§ **Required action**
For the records below, print the lines from the line with "circle A15 centre (0, 14.8) radius 3" through the line with "line L10 (0, 9.1215)" exactly as written; include both end lines and exclude the rest.

§ **Source information**
# # #

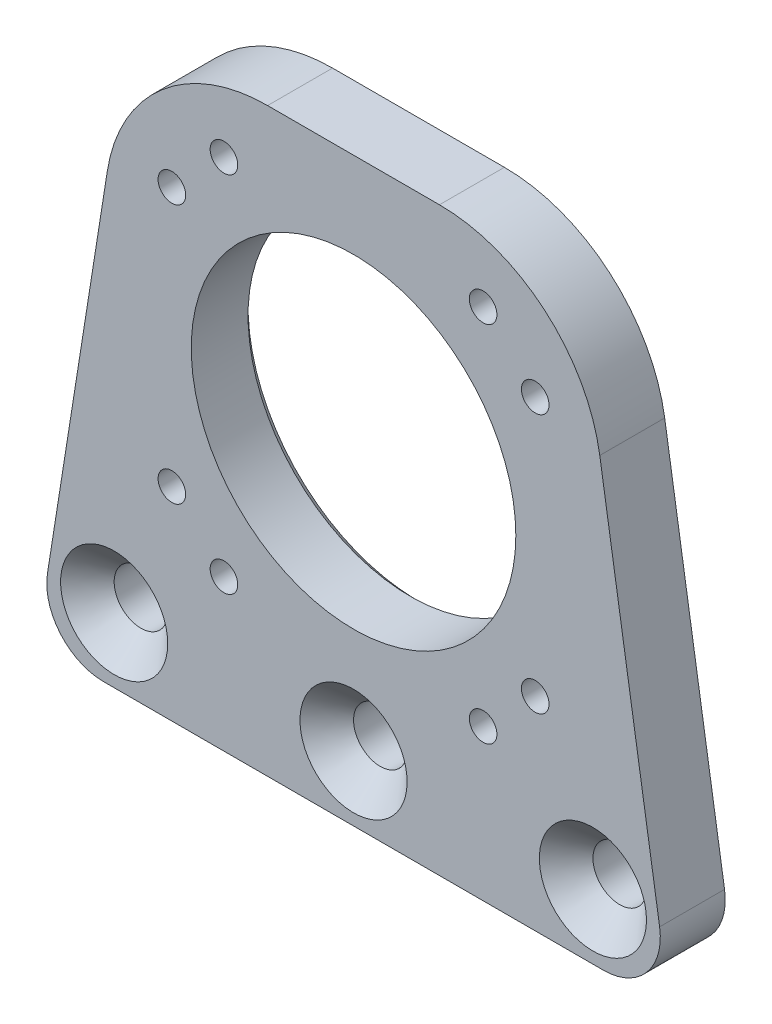
SolidWorks part; units mm, degrees
ref_plane "前视基准面" through (0, 0, 0) normal (0, 0, 1) x (1, 0, 0)
ref_plane "上视基准面" through (0, 0, 0) normal (0, 1, 0) x (1, 0, 0)
ref_plane "右视基准面" through (0, 0, 0) normal (1, 0, 0) x (0, 0, -1)
sketch "草图1" plane through (0, 0, 0) normal (0, 0, 1) x (1, 0, 0)
  line L0 (-37.7195, 14.8938) -> (-30.3438, 61.5147)
  line L1 (-37.7195, 14.8938) -> (-36.6269, 21.8) construction
  line L2 (0, 47.8) -> (0, 0) construction
  line L3 (-25, 72.8) -> (25, 72.8) construction
  line L4 (-25, 72.8) -> (-25, 22.8) construction
  line L5 (-25, 22.8) -> (25, 22.8) construction
  line L6 (25, 72.8) -> (25, 22.8) construction
  line L7 (-25, 72.8) -> (25, 22.8) construction
  line L8 (-25, 22.8) -> (25, 72.8) construction
  line L9 (-36.6269, 21.8) -> (36.6269, 21.8) construction
  line L10 (-10.5895, 78.3895) -> (10.5895, 78.3895)
  line L11 (37.7195, 14.8938) -> (30.3438, 61.5147)
  line L12 (-30.8055, 6.8) -> (30.8055, 6.8)
  line L13 (-15.9693, 70.1882) -> (0, 47.8) construction
  line L14 (0, 47.8) -> (-43.0568, 47.8) construction
  arc A0 (-30.3438, 61.5147) -> (-10.5895, 78.3895) centre (-10.5895, 58.3895) cw
  arc A1 (30.3438, 61.5147) -> (10.5895, 78.3895) centre (10.5895, 58.3895) ccw
  arc A2 (-37.7195, 14.8938) -> (-30.8055, 6.8) centre (-30.8055, 13.8) ccw
  arc A3 (37.7195, 14.8938) -> (30.8055, 6.8) centre (30.8055, 13.8) cw
  circle A4 centre (0, 47.8) radius 20
  circle A5 centre (0, 47.8) radius 27.5 construction
  circle A6 centre (-15.9693, 70.1882) radius 1.5
  circle A7 centre (-22.3882, 63.7693) radius 1.5
  circle A8 centre (-22.3882, 31.8307) radius 1.5
  circle A9 centre (-15.9693, 25.4118) radius 1.5
  circle A10 centre (15.9693, 25.4118) radius 1.5
  circle A11 centre (22.3882, 31.8307) radius 1.5
  circle A12 centre (22.3882, 63.7693) radius 1.5
  circle A13 centre (15.9693, 70.1882) radius 1.5
  circle A14 centre (-29.5, 14.8) radius 3
  circle A15 centre (0, 14.8) radius 3
  circle A16 centre (29.5, 14.8) radius 3
  point P5 (0, 47.8)
  point P22 (0, 78.3895)
  dimension "D3" = 20
  dimension "D4" = 40
  dimension "D5" = 55
  dimension "D7" = 3
  dimension "D8" = 6
  dimension "D1" = 50
  dimension "D2" = 1
  dimension "D6" = 54.5
extrude "凸台-拉伸1" add sketch "草图1" along normal blind 8
hole_wizard "打孔尺寸(%根据十字)槽沉头木螺钉的类型1" positions "草图2" profile "草图3" countersink size "M3" standard "GB"
sketch "草图2" plane through (0, 0, 0) normal (0, 0, -1) x (-1, 0, 0)
  point P0 (-22.3882, 63.7693)
  point P3 (-15.9693, 70.1882)
  point P6 (15.9693, 70.1882)
  point P9 (22.3882, 63.7693)
  point P12 (-22.3882, 31.8307)
  point P15 (-15.9693, 25.4118)
  point P18 (15.9693, 25.4118)
  point P21 (22.3882, 31.8307)
sketch "草图3" plane through (22.3882, 63.7693, 0) normal (1, 0, 0) x (0, 1, 0)
  line L0 (0, 0) -> (0, 9.1215)
  line L1 (0, 9.1215) -> (1.7, 8.1)
  line L2 (1.7, 8.1) -> (1.7, 1.6)
  line L3 (1.7, 1.6) -> (3.3, 0)
  line L5 (3.3, 0) -> (0, 0)
  line L6 (-1.7, 1.6) -> (-3.3, 0) construction
  line L10 (0, 9.1215) -> (-1.7, 8.1) construction
  line L11 (0, -6.35) -> (0, 107.95) construction
  dimension "孔直径" = 3.4
  dimension "孔深度" = 8.1
  dimension "近端锥形沉头孔直径" = 6.6
  dimension "近端锥形沉头孔角度" = 90
  dimension "导头角度" = 118
hole_wizard "打孔尺寸(%根据十字)槽沉头木螺钉的类型2" positions "草图4" profile "草图5" countersink size "M6" standard "GB"
sketch "草图4" plane through (0, 0, 8) normal (0, 0, 1) x (1, 0, 0)
  point P0 (29.5, 14.8)
  point P3 (0, 14.8)
  point P6 (-29.5, 14.8)
sketch "草图5" plane through (29.5, 14.8, 8) normal (1, 0, 0) x (0, -1, 0)
  line L0 (0, 0) -> (0, 10.0828)
  line L1 (0, 10.0828) -> (3.3, 8.1)
  line L2 (3.3, 8.1) -> (3.3, 3.3)
  line L3 (3.3, 3.3) -> (6.6, 0)
  line L5 (6.6, 0) -> (0, 0)
  line L6 (-3.3, 3.3) -> (-6.6, 0) construction
  line L10 (0, 10.0828) -> (-3.3, 8.1) construction
  line L11 (0, -6.35) -> (0, 107.95) construction
  dimension "孔直径" = 6.6
  dimension "孔深度" = 8.1
  dimension "近端锥形沉头孔直径" = 13.2
  dimension "近端锥形沉头孔角度" = 90
  dimension "导头角度" = 118
chamfer "倒角1" distance 1 angle 45 1 edges at (20, 47.8, 0)
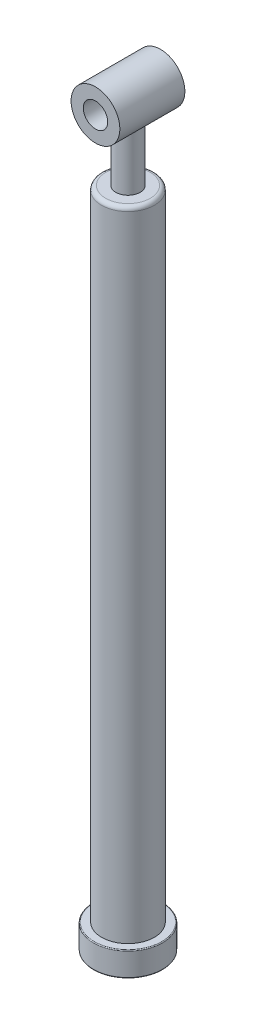
SolidWorks part; units mm, degrees
ref_plane "Front Plane" through (0, 0, 0) normal (0, 0, 1) x (1, 0, 0)
ref_plane "Top Plane" through (0, 0, 0) normal (0, 1, 0) x (1, 0, 0)
ref_plane "Right Plane" through (0, 0, 0) normal (1, 0, 0) x (0, 0, -1)
sketch "Sketch1" plane through (0, 0, 0) normal (0, 1, 0) x (1, 0, 0)
  circle A0 centre (0, 0) radius 32.5
  dimension "D1" = 65
extrude "Boss-Extrude1" add sketch "Sketch1" along normal mid plane 785
fillet "Fillet1" radius 5 1 edges at (0, 392.5, 32.5)
sketch "Sketch2" plane through (0, -392.5, 0) normal (0, -1, 0) x (1, 0, 0)
  circle A0 centre (0, 0) radius 42.5
  dimension "D1" = 85
extrude "Boss-Extrude2" add sketch "Sketch2" along normal blind 30
sketch "Sketch3" plane through (0, -422.5, 0) normal (0, -1, 0) x (1, 0, 0)
  circle A0 centre (0, 0) radius 20
  dimension "D1" = 40
extrude "Cut-Extrude1" cut sketch "Sketch3" against normal blind 810
sketch "Sketch4" plane through (0, 0, 0) normal (0, 0, 1) x (1, 0, 0)
  line L0 (27.5, 392.5) -> (-27.5, 392.5) construction
  circle A0 centre (0, 487.5) radius 30
  circle A1 centre (0, 487.5) radius 15
  point P3 (0, 0)
  dimension "D1" = 95
  dimension "D2" = 60
  dimension "D3" = 30
extrude "Boss-Extrude3" add sketch "Sketch4" along normal mid plane 80 separate body
sketch "Sketch5" plane through (0, 392.5, 0) normal (0, 1, 0) x (1, 0, 0)
  circle A0 centre (0, 0) radius 15
  dimension "D1" = 30
extrude "Boss-Extrude4" add sketch "Sketch5" along normal up to next
fillet "Fillet2" radius 1 2 edges at (0, -422.5, -42.5) (0, -392.5, -42.5)
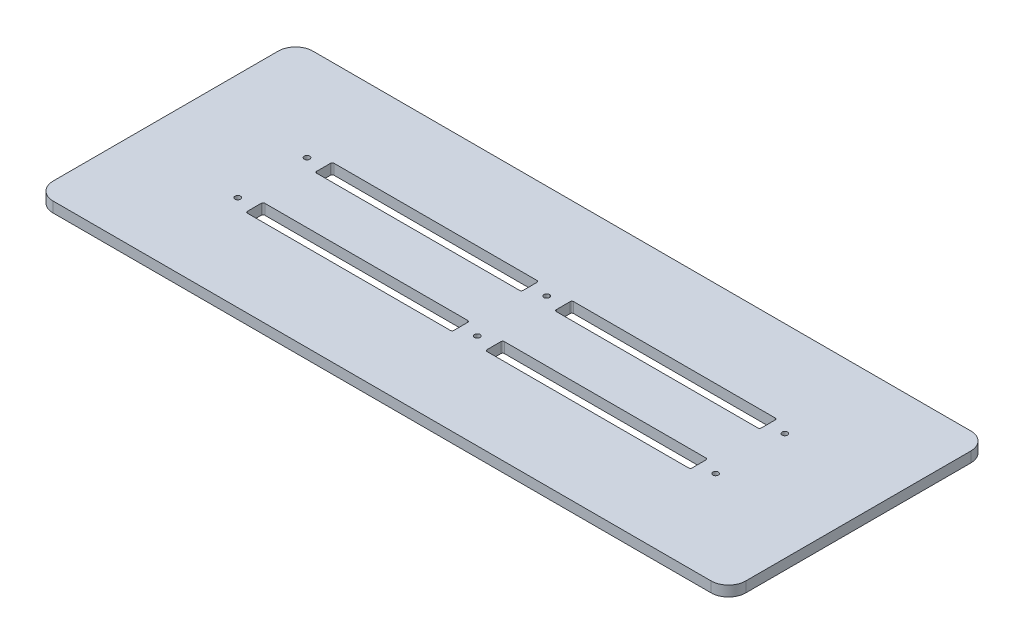
SolidWorks part; units mm, degrees
ref_plane "Ön Düzlem" through (0, 0, 0) normal (0, 0, 1) x (1, 0, 0)
ref_plane "Üst Düzlem" through (0, 0, 0) normal (0, 1, 0) x (1, 0, 0)
ref_plane "Sağ Düzlem" through (0, 0, 0) normal (1, 0, 0) x (0, 0, -1)
sketch "Çizim1" plane through (0, 0, 0) normal (0, 1, 0) x (1, 0, 0)
  line L0 (-200, 0) -> (200, 0) construction
  line L1 (-200, -75) -> (200, -75)
  line L2 (-200, -75) -> (-200, 75)
  line L3 (-200, 75) -> (200, 75)
  line L4 (200, -75) -> (200, 75)
  line L5 (-200, -75) -> (200, 75) construction
  line L6 (-200, 75) -> (200, -75) construction
  line L7 (0, 75) -> (0, -75) construction
  line L8 (127.99, -25) -> (147.19, -15) construction
  line L9 (-9.6, 15) -> (9.6, 15) construction
  line L10 (-9.6, 15) -> (-9.6, 25) construction
  line L11 (-9.6, 25) -> (9.6, 25) construction
  line L12 (9.6, 15) -> (9.6, 25) construction
  line L13 (-9.6, 15) -> (9.6, 25) construction
  line L14 (-9.6, 25) -> (9.6, 15) construction
  line L15 (127.99, 15) -> (147.19, 15) construction
  line L16 (127.99, 15) -> (127.99, 25) construction
  line L17 (127.99, 25) -> (147.19, 25) construction
  line L18 (147.19, 15) -> (147.19, 25) construction
  line L19 (127.99, 15) -> (147.19, 25) construction
  line L20 (127.99, 25) -> (147.19, 15) construction
  line L21 (-147.98, 25) -> (-128.78, 25) construction
  line L22 (-147.98, 25) -> (-147.98, 15) construction
  line L23 (-147.98, 15) -> (-128.78, 15) construction
  line L24 (-128.78, 25) -> (-128.78, 15) construction
  line L25 (-147.98, 25) -> (-128.78, 15) construction
  line L26 (-147.98, 15) -> (-128.78, 25) construction
  line L27 (127.99, -15) -> (147.19, -25) construction
  line L28 (147.19, -15) -> (147.19, -25) construction
  line L29 (127.99, -25) -> (147.19, -25) construction
  line L30 (127.99, -15) -> (127.99, -25) construction
  line L31 (127.99, -15) -> (147.19, -15) construction
  line L32 (-9.6, -25) -> (9.6, -15) construction
  line L33 (-9.6, -15) -> (9.6, -25) construction
  line L34 (9.6, -15) -> (9.6, -25) construction
  line L35 (-9.6, -25) -> (9.6, -25) construction
  line L36 (-9.6, -15) -> (-9.6, -25) construction
  line L37 (-9.6, -15) -> (9.6, -15) construction
  line L38 (-147.98, -15) -> (-128.78, -25) construction
  line L39 (-147.98, -25) -> (-128.78, -15) construction
  line L40 (-128.78, -25) -> (-128.78, -15) construction
  line L41 (-147.98, -15) -> (-128.78, -15) construction
  line L42 (-147.98, -25) -> (-147.98, -15) construction
  line L43 (-147.98, -25) -> (-128.78, -25) construction
  line L45 (-128.78, 25) -> (-9.6, 25)
  line L46 (-128.78, 25) -> (-128.78, 15)
  line L47 (-128.78, 15) -> (-9.6, 15)
  line L48 (-9.6, 25) -> (-9.6, 15)
  line L49 (9.6, 25) -> (127.99, 25)
  line L50 (9.6, 25) -> (9.6, 15)
  line L51 (9.6, 15) -> (127.99, 15)
  line L52 (127.99, 25) -> (127.99, 15)
  line L53 (9.6, -15) -> (127.99, -15)
  line L54 (9.6, -15) -> (9.6, -25)
  line L55 (9.6, -25) -> (127.99, -25)
  line L56 (127.99, -15) -> (127.99, -25)
  line L57 (-128.78, -15) -> (-9.6, -15)
  line L58 (-128.78, -15) -> (-128.78, -25)
  line L59 (-128.78, -25) -> (-9.6, -25)
  line L60 (-9.6, -15) -> (-9.6, -25)
  point P0 (0, 0)
  point P10 (0, 20)
  point P15 (137.59, 20)
  point P20 (-138.38, 20)
  point P29 (137.59, -20)
  point P34 (0, -20)
  point P39 (-138.38, -20)
  dimension "D1" = 400
  dimension "D2" = 150
  dimension "D3" = 15
  dimension "D4" = 19.2
  dimension "D5" = 10
  dimension "D6" = 137.59
  dimension "D7" = 19.2
  dimension "D8" = 138.38
  dimension "D9" = 19.2
  dimension "D10" = 118.39
  dimension "D11" = 119.18
extrude "Yükseklik-Ekstrüzyon1" add sketch "Çizim1" against normal blind 6
fillet "Radyus1" radius 10 4 edges at (200, -3, 75) (200, -3, -75) (-200, -3, -75) (-200, -3, 75)
fillet "Radyus2" radius 1 16 edges at (-128.78, -3, -15) (-128.78, -3, 25) (9.6, -3, 25) (9.6, -3, -15) (9.6, -3, 15) (9.6, -3, -25) (-128.78, -3, 15) (-9.6, -3, 15) (-9.6, -3, -25) (127.99, -3, 15) (127.99, -3, -25) (127.99, -3, -15) (127.99, -3, 25) (-9.6, -3, -15) (-9.6, -3, 25) (-128.78, -3, -25)
sketch "Çizim2" plane through (0, -6, 0) normal (0, -1, 0) x (1, 0, 0)
  line L0 (-200, 0) -> (200, 0) construction
  line L1 (-200, -65) -> (-200, 65) construction
  line L2 (200, 65) -> (200, -65) construction
  line L3 (-200, 20) -> (200, 20) construction
  line L4 (-190, 75) -> (190, 75) construction
  line L5 (0, 75) -> (0, -75) construction
  line L6 (190, -75) -> (-190, -75) construction
  circle A0 centre (-138.38, 20) radius 1.575
  circle A1 centre (-138.38, -20) radius 1.575
  circle A2 centre (0, -20) radius 1.575
  circle A3 centre (0, 20) radius 1.575
  circle A4 centre (137.59, 20) radius 1.575
  circle A5 centre (137.59, -20) radius 1.575
  point P14 (137.59, -20)
  point P15 (0, -20)
  point P16 (-138.38, -20)
  point P18 (0, 20)
  point P19 (137.59, 20)
  point P20 (-138.38, 20)
  dimension "D4" = 3.15
  dimension "D1" = 138.38
  dimension "D2" = 20
  dimension "D3" = 137.59
extrude "Kes-Ekstrüzyon1" cut sketch "Çizim2" against normal through all

# # #

§ **Result of the task**
  circle A15 centre (0, 14.8) radius 3
  circle A16 centre (29.5, 14.8) radius 3
  point P5 (0, 47.8)
  point P22 (0, 78.3895)
  dimension "D3" = 20
  dimension "D4" = 40
  dimension "D5" = 55
  dimension "D7" = 3
  dimension "D8" = 6
  dimension "D1" = 50
  dimension "D2" = 1
  dimension "D6" = 54.5
extrude "凸台-拉伸1" add sketch "草图1" along normal blind 8
hole_wizard "打孔尺寸(%根据十字)槽沉头木螺钉的类型1" positions "草图2" profile "草图3" countersink size "M3" standard "GB"
sketch "草图2" plane through (0, 0, 0) normal (0, 0, -1) x (-1, 0, 0)
  point P0 (-22.3882, 63.7693)
  point P3 (-15.9693, 70.1882)
  point P6 (15.9693, 70.1882)
  point P9 (22.3882, 63.7693)
  point P12 (-22.3882, 31.8307)
  point P15 (-15.9693, 25.4118)
  point P18 (15.9693, 25.4118)
  point P21 (22.3882, 31.8307)
sketch "草图3" plane through (22.3882, 63.7693, 0) normal (1, 0, 0) x (0, 1, 0)
  line L0 (0, 0) -> (0, 9.1215)
  line L1 (0, 9.1215) -> (1.7, 8.1)
  line L2 (1.7, 8.1) -> (1.7, 1.6)
  line L3 (1.7, 1.6) -> (3.3, 0)
  line L5 (3.3, 0) -> (0, 0)
  line L6 (-1.7, 1.6) -> (-3.3, 0) construction
  line L10 (0, 9.1215) -> (-1.7, 8.1) construction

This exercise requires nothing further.